Burning of Luimnech
| Date | 968 |
| Location | Limerick, Ireland |
| Result | Irish victory |

Belligerents
- Kingdom of Limerick: Dalcassians

Commanders and leaders
- (Unknown): Brian Boru Mahon

Strength
- Very few: 300

Casualties and losses
- All either captured or killed: None

= Burning of Luimneach =

968 incident

The Burning of Luimneach was the looting and destruction of the Viking stronghold of Limerick (Luimneach) by the Irish Dál gCais tribe of Munster. The Dál gCais were led by the two warrior brothers, Brian Boru and Mathgamain mac Cennétig while the Vikings had no type of official leadership. The king of the Vikings, Ivar of Limerick, and his troops had scattered into the woods of Tipperary a few hours before after a crushing defeat at the Battle of Sulcoit. The Cogad Gáedel re Gallaib quotes that "[e]very one of them that was fit for war was killed, and every one that was fit for a slave was enslaved."

==Background==

Only a few hours before the Burning of Luimneach at the Battle of Sulcoit, the Vikings, led by Ivar of Limerick, were routed by the Dál gCais tribe of Munster.
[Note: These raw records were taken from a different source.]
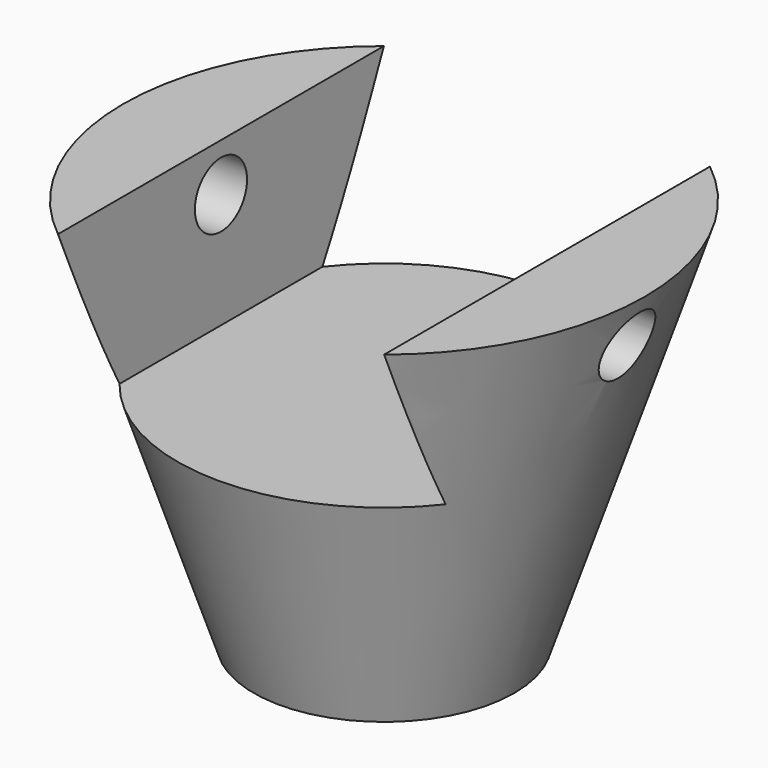
from build123d import *

# Parameters (mm, degrees)
F0_R     = 25.4
F2_R     = 50.8
F5_DEPTH = 31.75
F7_R     = 6.35
F8_DEPTH = 127


# Not quite as in the source:
# - a feature names something its author has since deleted; it is built from what else it names


with BuildPart() as f3:
    # F0 (on Top) → F3 section 0
    with BuildSketch(Plane.XY):
        Circle(F0_R)
    # F2 (on offset) → F3 section 1
    with BuildSketch(Plane.XY.offset(76.2)):
        Circle(F2_R)
    loft()

    # F4 (on face) → F5 (cut)
    with BuildSketch(Plane.XY.offset(76.2)):
        with BuildLine():
            Line((31.75, -39.6557372898), (31.75, 39.6557372898))
            ThreePointArc((31.75, 39.6557372898), (0, 50.8), (-31.75, 39.6557372898))
            Line((-31.75, 39.6557372898), (-31.75, -39.6557372898))
            ThreePointArc((-31.75, -39.6557372898), (0, -50.8), (31.75, -39.6557372898))
        make_face()
    extrude(amount=-F5_DEPTH, mode=Mode.SUBTRACT)

    # F7 (on offset) → F8 (cut)
    with BuildSketch(Plane.YZ.offset(50.8)):
        with Locations((0, 66.8615028262)):
            Circle(F7_R)
    extrude(amount=-F8_DEPTH, mode=Mode.SUBTRACT)


solid = f3.part
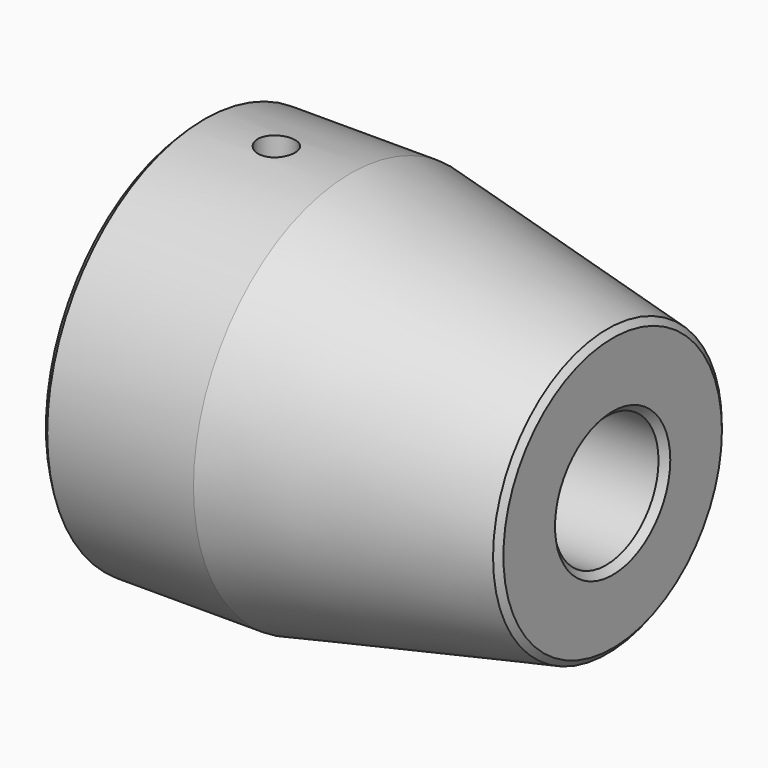
from build123d import *

# Parameters (mm, degrees)
F0_R      = 45
F3_DEPTH  = 35
F4_R      = 45
F2_R      = 32.5
F9_D      = 30
F10_D     = 8.5
F10_DEPTH = 45
F10_START = 0.2011441
F10_TIP   = 2.5536576309


# Not quite as in the source:
# - a fillet or chamfer that OpenCascade refuses, or shapes differently, is made with other operations: its cross-section is extruded or revolved along the edge and cut away or added


with BuildPart() as f3:
    # F0 (on Right) → F3 (new body)
    with BuildSketch(Plane.YZ):
        Circle(F0_R)
    extrude(amount=F3_DEPTH)

    # F4 (on face) → F5 section 0
    with BuildSketch(Plane.YZ.offset(35)):
        Circle(F4_R)
    # F2 (on offset) → F5 section 1
    with BuildSketch(Plane.YZ.offset(95)):
        Circle(F2_R)
    loft()

    # F9 (through all)
    with Locations(Plane.YZ.offset(95)):
        with Locations((0, 0)):
            Hole(F9_D / 2)

    # F10
    # its depths count from where the whole tool has entered the part; down to there all is cleared
    with Locations(Plane.XY.offset(45).offset(-F10_START)):
        with Locations((18, 0)):
            Hole(F10_D / 2, depth=F10_DEPTH)
            with Locations((0, 0, -(F10_DEPTH + F10_TIP / 2))):  # 118° drill point
                Cone(0, F10_D / 2, F10_TIP, mode=Mode.SUBTRACT)

    # F11: chamfer of 1.5 on 4 edges, made by hand

    # F11_s1 → F11_t2 (revolve, cut)
    with BuildSketch(Plane.XY):
        Polygon((93.8059313812, 32.7487642956), (95, 31.280293666), (95, 32.5), align=None)
    revolve(axis=Axis((95, 0, 0), (1, 0, 0)), mode=Mode.SUBTRACT)

    # F11_s3 → F11_t4 (revolve, cut)
    with BuildSketch(Plane.XY):
        Polygon((1.5, 45), (0, 43.5), (0, 45), align=None)
    revolve(axis=Axis((0, 0, 0), (1, 0, 0)), mode=Mode.SUBTRACT)

    # F11_s5 → F11_t6 (revolve, cut)
    with BuildSketch(Plane.XY):
        Polygon((0, 16.5), (1.5, 15), (0, 15), align=None)
    revolve(axis=Axis((0, 0, 0), (1, 0, 0)), mode=Mode.SUBTRACT)

    # F11_s7 → F11_t8 (revolve, cut)
    with BuildSketch(Plane.XY):
        Polygon((93.5, 15), (95, 16.5), (95, 15), align=None)
    revolve(axis=Axis((95, 0, 0), (1, 0, 0)), mode=Mode.SUBTRACT)


solid = f3.part

The Battle of Sulcoit was noted by Brian Boru and Mathgamain mac Cennétig as a total loss for the Vikings and was called the first great loss the Vikings of Limerick had faced. At Sulcoit many Vikings were killed by the Dál gCais and by mid day fled into the woods in Tipperary. This left the city of Limerick vulnerable attack by the Dál gCais.

==Burning of Limerick==

Near night time after the Battle of Sulcoit, Brian Boru's army of about 300 men attacked Limerick. The Dál gCais looted every type of structure in the city and burned it when they were done. Every structure in the city was either looted or burned to the ground. Brian Boru considered this payback against the Vikings because of his father's death at the hands of the Vikings. Anything with any type of value was stolen and any type of item with no value was either destroyed or burned. Brian's army killed every man in the village that was fit for battle and every woman and child was enslaved. By nightfall, every building in Limerick was reduced to smoke and ash and every person was either killed or enslaved by the Dál gCais.